G4double G4PreCompoundNeutron::GetAlpha()
{
  return 0.76+2.2/ResidualAthrd;
}

G4double G4PreCompoundNeutron::GetBeta() 
{
  //   return (2.12/std::pow(GetRestA(),2.0/3.0)-0.05)*MeV/GetAlpha();
  return (2.12/(ResidualAthrd*ResidualAthrd)-0.05)*MeV/GetAlpha();
}

//********************* OPT=1,2 : Chatterjee's cross section ***************
//(fitting to cross section from Bechetti & Greenles OM potential)

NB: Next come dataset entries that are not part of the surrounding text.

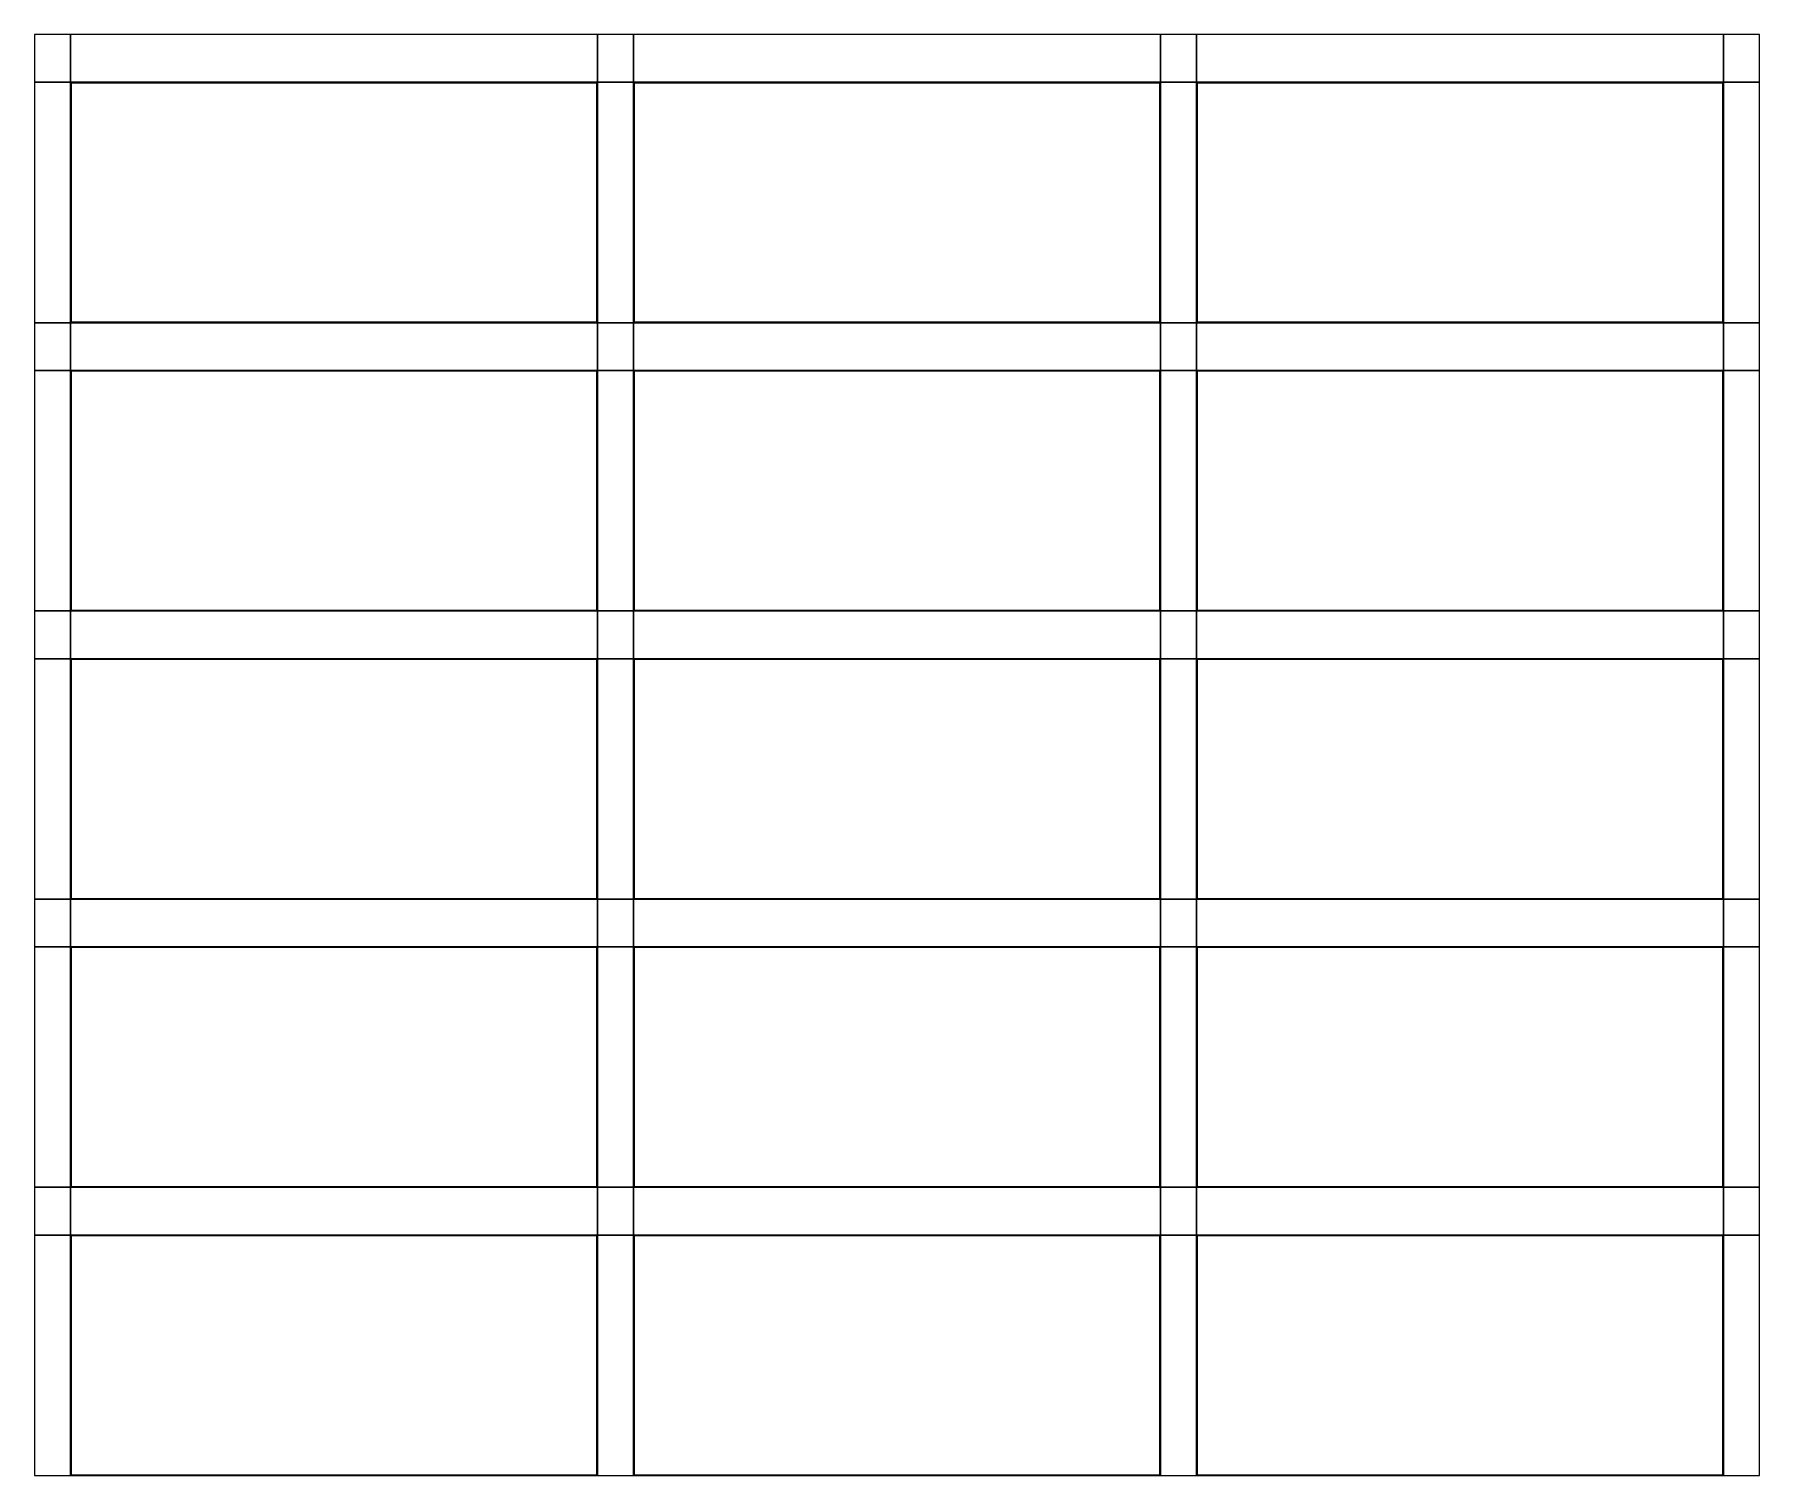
# Model space of a CAD drawing. Header units: inches. Extents: x -3 to 141, y 0 to 121.
import ezdxf

# ---------------------------------------------------------------- set-up
doc = ezdxf.new("R2010")
doc.units = ezdxf.units.IN
doc.header["$MEASUREMENT"] = 0
doc.layers.add('Default', color=178, linetype='Continuous', true_color=0x000000)

msp = doc.modelspace()

# ---------------------------------------------------------------- linework, layer by layer
at = {"layer": 'Default'}
for points in [[(-3, 116.625), (0, 116.625), (0, 120.625), (-3, 120.625)], [(0, 116.625), (44.125, 116.625), (44.125, 120.625), (0, 120.625)], [(44.125, 116.625), (47.125, 116.625), (47.125, 120.625), (44.125, 120.625)], [(47.125, 116.625), (91.25, 116.625), (91.25, 120.625), (47.125, 120.625)], [(91.25, 116.625), (94.25, 116.625), (94.25, 120.625), (91.25, 120.625)], [(94.25, 116.625), (138.375, 116.625), (138.375, 120.625), (94.25, 120.625)], [(138.375, 116.625), (141.375, 116.625), (141.375, 120.625), (138.375, 120.625)], [(-3, 96.5), (0, 96.5), (0, 116.625), (-3, 116.625)], [(0, 96.5), (44.125, 96.5), (44.125, 116.625), (0, 116.625)], [(0.0625, 96.5625), (44.0625, 96.5625), (44.0625, 116.5625), (0.0625, 116.5625)], [(44.125, 96.5), (47.125, 96.5), (47.125, 116.625), (44.125, 116.625)], [(47.125, 96.5), (91.25, 96.5), (91.25, 116.625), (47.125, 116.625)], [(47.1875, 96.5625), (91.1875, 96.5625), (91.1875, 116.5625), (47.1875, 116.5625)], [(91.25, 96.5), (94.25, 96.5), (94.25, 116.625), (91.25, 116.625)], [(94.25, 96.5), (138.375, 96.5), (138.375, 116.625), (94.25, 116.625)], [(94.3125, 96.5625), (138.3125, 96.5625), (138.3125, 116.5625), (94.3125, 116.5625)], [(138.375, 96.5), (141.375, 96.5), (141.375, 116.625), (138.375, 116.625)], [(-3, 92.5), (0, 92.5), (0, 96.5), (-3, 96.5)], [(0, 92.5), (44.125, 92.5), (44.125, 96.5), (0, 96.5)], [(44.125, 92.5), (47.125, 92.5), (47.125, 96.5), (44.125, 96.5)], [(47.125, 92.5), (91.25, 92.5), (91.25, 96.5), (47.125, 96.5)], [(91.25, 92.5), (94.25, 92.5), (94.25, 96.5), (91.25, 96.5)], [(94.25, 92.5), (138.375, 92.5), (138.375, 96.5), (94.25, 96.5)], [(138.375, 92.5), (141.375, 92.5), (141.375, 96.5), (138.375, 96.5)], [(-3, 72.375), (0, 72.375), (0, 92.5), (-3, 92.5)], [(0, 72.375), (44.125, 72.375), (44.125, 92.5), (0, 92.5)], [(0.0625, 72.4375), (44.0625, 72.4375), (44.0625, 92.4375), (0.0625, 92.4375)], [(44.125, 72.375), (47.125, 72.375), (47.125, 92.5), (44.125, 92.5)], [(47.125, 72.375), (91.25, 72.375), (91.25, 92.5), (47.125, 92.5)], [(47.1875, 72.4375), (91.1875, 72.4375), (91.1875, 92.4375), (47.1875, 92.4375)], [(91.25, 72.375), (94.25, 72.375), (94.25, 92.5), (91.25, 92.5)], [(94.25, 72.375), (138.375, 72.375), (138.375, 92.5), (94.25, 92.5)], [(94.3125, 72.4375), (138.3125, 72.4375), (138.3125, 92.4375), (94.3125, 92.4375)], [(138.375, 72.375), (141.375, 72.375), (141.375, 92.5), (138.375, 92.5)], [(-3, 68.375), (0, 68.375), (0, 72.375), (-3, 72.375)], [(0, 68.375), (44.125, 68.375), (44.125, 72.375), (0, 72.375)], [(44.125, 68.375), (47.125, 68.375), (47.125, 72.375), (44.125, 72.375)], [(47.125, 68.375), (91.25, 68.375), (91.25, 72.375), (47.125, 72.375)], [(91.25, 68.375), (94.25, 68.375), (94.25, 72.375), (91.25, 72.375)], [(94.25, 68.375), (138.375, 68.375), (138.375, 72.375), (94.25, 72.375)], [(138.375, 68.375), (141.375, 68.375), (141.375, 72.375), (138.375, 72.375)], [(-3, 48.25), (0, 48.25), (0, 68.375), (-3, 68.375)], [(0, 48.25), (44.125, 48.25), (44.125, 68.375), (0, 68.375)], [(0.0625, 48.3125), (44.0625, 48.3125), (44.0625, 68.3125), (0.0625, 68.3125)], [(44.125, 48.25), (47.125, 48.25), (47.125, 68.375), (44.125, 68.375)], [(47.125, 48.25), (91.25, 48.25), (91.25, 68.375), (47.125, 68.375)], [(47.1875, 48.3125), (91.1875, 48.3125), (91.1875, 68.3125), (47.1875, 68.3125)], [(91.25, 48.25), (94.25, 48.25), (94.25, 68.375), (91.25, 68.375)], [(94.25, 48.25), (138.375, 48.25), (138.375, 68.375), (94.25, 68.375)], [(94.3125, 48.3125), (138.3125, 48.3125), (138.3125, 68.3125), (94.3125, 68.3125)], [(138.375, 48.25), (141.375, 48.25), (141.375, 68.375), (138.375, 68.375)], [(-3, 44.25), (0, 44.25), (0, 48.25), (-3, 48.25)], [(0, 44.25), (44.125, 44.25), (44.125, 48.25), (0, 48.25)], [(44.125, 44.25), (47.125, 44.25), (47.125, 48.25), (44.125, 48.25)], [(47.125, 44.25), (91.25, 44.25), (91.25, 48.25), (47.125, 48.25)], [(91.25, 44.25), (94.25, 44.25), (94.25, 48.25), (91.25, 48.25)], [(94.25, 44.25), (138.375, 44.25), (138.375, 48.25), (94.25, 48.25)], [(138.375, 44.25), (141.375, 44.25), (141.375, 48.25), (138.375, 48.25)], [(-3, 24.125), (0, 24.125), (0, 44.25), (-3, 44.25)], [(0, 24.125), (44.125, 24.125), (44.125, 44.25), (0, 44.25)], [(0.0625, 24.1875), (44.0625, 24.1875), (44.0625, 44.1875), (0.0625, 44.1875)], [(44.125, 24.125), (47.125, 24.125), (47.125, 44.25), (44.125, 44.25)], [(47.125, 24.125), (91.25, 24.125), (91.25, 44.25), (47.125, 44.25)], [(47.1875, 24.1875), (91.1875, 24.1875), (91.1875, 44.1875), (47.1875, 44.1875)], [(91.25, 24.125), (94.25, 24.125), (94.25, 44.25), (91.25, 44.25)], [(94.25, 24.125), (138.375, 24.125), (138.375, 44.25), (94.25, 44.25)], [(94.3125, 24.1875), (138.3125, 24.1875), (138.3125, 44.1875), (94.3125, 44.1875)], [(138.375, 24.125), (141.375, 24.125), (141.375, 44.25), (138.375, 44.25)], [(-3, 20.125), (0, 20.125), (0, 24.125), (-3, 24.125)], [(0, 20.125), (44.125, 20.125), (44.125, 24.125), (0, 24.125)], [(44.125, 20.125), (47.125, 20.125), (47.125, 24.125), (44.125, 24.125)], [(47.125, 20.125), (91.25, 20.125), (91.25, 24.125), (47.125, 24.125)], [(91.25, 20.125), (94.25, 20.125), (94.25, 24.125), (91.25, 24.125)], [(94.25, 20.125), (138.375, 20.125), (138.375, 24.125), (94.25, 24.125)], [(138.375, 20.125), (141.375, 20.125), (141.375, 24.125), (138.375, 24.125)], [(-3, 0), (0, 0), (0, 20.125), (-3, 20.125)], [(0, 0), (44.125, 0), (44.125, 20.125), (0, 20.125)], [(0.0625, 0.0625), (44.0625, 0.0625), (44.0625, 20.0625), (0.0625, 20.0625)], [(44.125, 0), (47.125, 0), (47.125, 20.125), (44.125, 20.125)], [(47.125, 0), (91.25, 0), (91.25, 20.125), (47.125, 20.125)], [(47.1875, 0.0625), (91.1875, 0.0625), (91.1875, 20.0625), (47.1875, 20.0625)], [(91.25, 0), (94.25, 0), (94.25, 20.125), (91.25, 20.125)], [(94.25, 0), (138.375, 0), (138.375, 20.125), (94.25, 20.125)], [(94.3125, 0.0625), (138.3125, 0.0625), (138.3125, 20.0625), (94.3125, 20.0625)], [(138.375, 0), (141.375, 0), (141.375, 20.125), (138.375, 20.125)]]:
    msp.add_lwpolyline(points, close=True, dxfattribs=at)

doc.saveas('drawing.dxf')

G4double G4PreCompoundNeutron::GetOpt12(G4double K)
{
  G4double Kc=K;

  // Pramana (Bechetti & Greenles) for neutrons is chosen 

  // JMQ  xsec is set constat above limit of validity
  if (K > 50*MeV) { Kc = 50*MeV; }

  G4double landa, landa0, landa1, mu, mm0, mu1,nu, nu0, nu1, nu2,xs;

  landa0 = 18.57;
  landa1 = -22.93;
  mm0 = 381.7;
  mu1 = 24.31;
  nu0 = 0.172;
  nu1 = -15.39;
  nu2 = 804.8;
  landa = landa0/ResidualAthrd + landa1;
  mu = mm0*ResidualAthrd + mu1*ResidualAthrd*ResidualAthrd;
  nu = nu0*ResidualAthrd*ResidualA + nu1*ResidualAthrd*ResidualAthrd + nu2 ;
  xs=landa*Kc + mu + nu/Kc;
  if (xs <= 0.0 ){
    std::ostringstream errOs;
    G4cout<<"WARNING:  NEGATIVE OPT=1 neutron cross section "<<G4endl;     
    errOs << "RESIDUAL: Ar=" << ResidualA << " Zr=" << ResidualZ <<G4endl;
    errOs <<"  xsec("<<Kc<<" MeV) ="<<xs <<G4endl;
    throw G4HadronicException(__FILE__, __LINE__, errOs.str());
              }
  return xs;
}

// *********** OPT=3,4 : Kalbach's cross sections (from PRECO code)*************
G4double G4PreCompoundNeutron::GetOpt34(G4double K)
{
  G4double landa, landa0, landa1, mu, mm0, mu1,nu, nu0, nu1, nu2;
  G4double p, p0;
  G4double flow,ec,ecsq,xnulam,etest(0.),ra(0.),a,signor(1.),sig; 
  G4double b,ecut,cut,ecut2,geom,elab;

  flow = 1.e-18;

  // PRECO xs for neutrons is choosen
  p0 = -312.;
  landa0 = 12.10;
  landa1=  -11.27;
  mm0 = 234.1;
  mu1 = 38.26;
  nu0 = 1.55;
  nu1 = -106.1;
  nu2 = 1280.8; 

  if (ResidualA < 40)  { signor =0.7 + ResidualA*0.0075; }
  if (ResidualA > 210) { signor = 1. + (ResidualA-210)/250.; }
  landa = landa0/ResidualAthrd + landa1;
  mu = mm0*ResidualAthrd + mu1*ResidualAthrd*ResidualAthrd;
  nu = nu0*ResidualAthrd*ResidualA + nu1*ResidualAthrd*ResidualAthrd + nu2;

  // JMQ very low energy behaviour corrected (problem  for A (apprx.)>60)
  if (nu < 0.) { nu=-nu; }

  ec = 0.5;
  ecsq = 0.25;
  p = p0;
  xnulam = 1.;
  etest = 32.;
  //          ** etest is the energy above which the rxn cross section is
  //          ** compared with the geometrical limit and the max taken.
  //          ** xnulam here is a dummy value to be used later.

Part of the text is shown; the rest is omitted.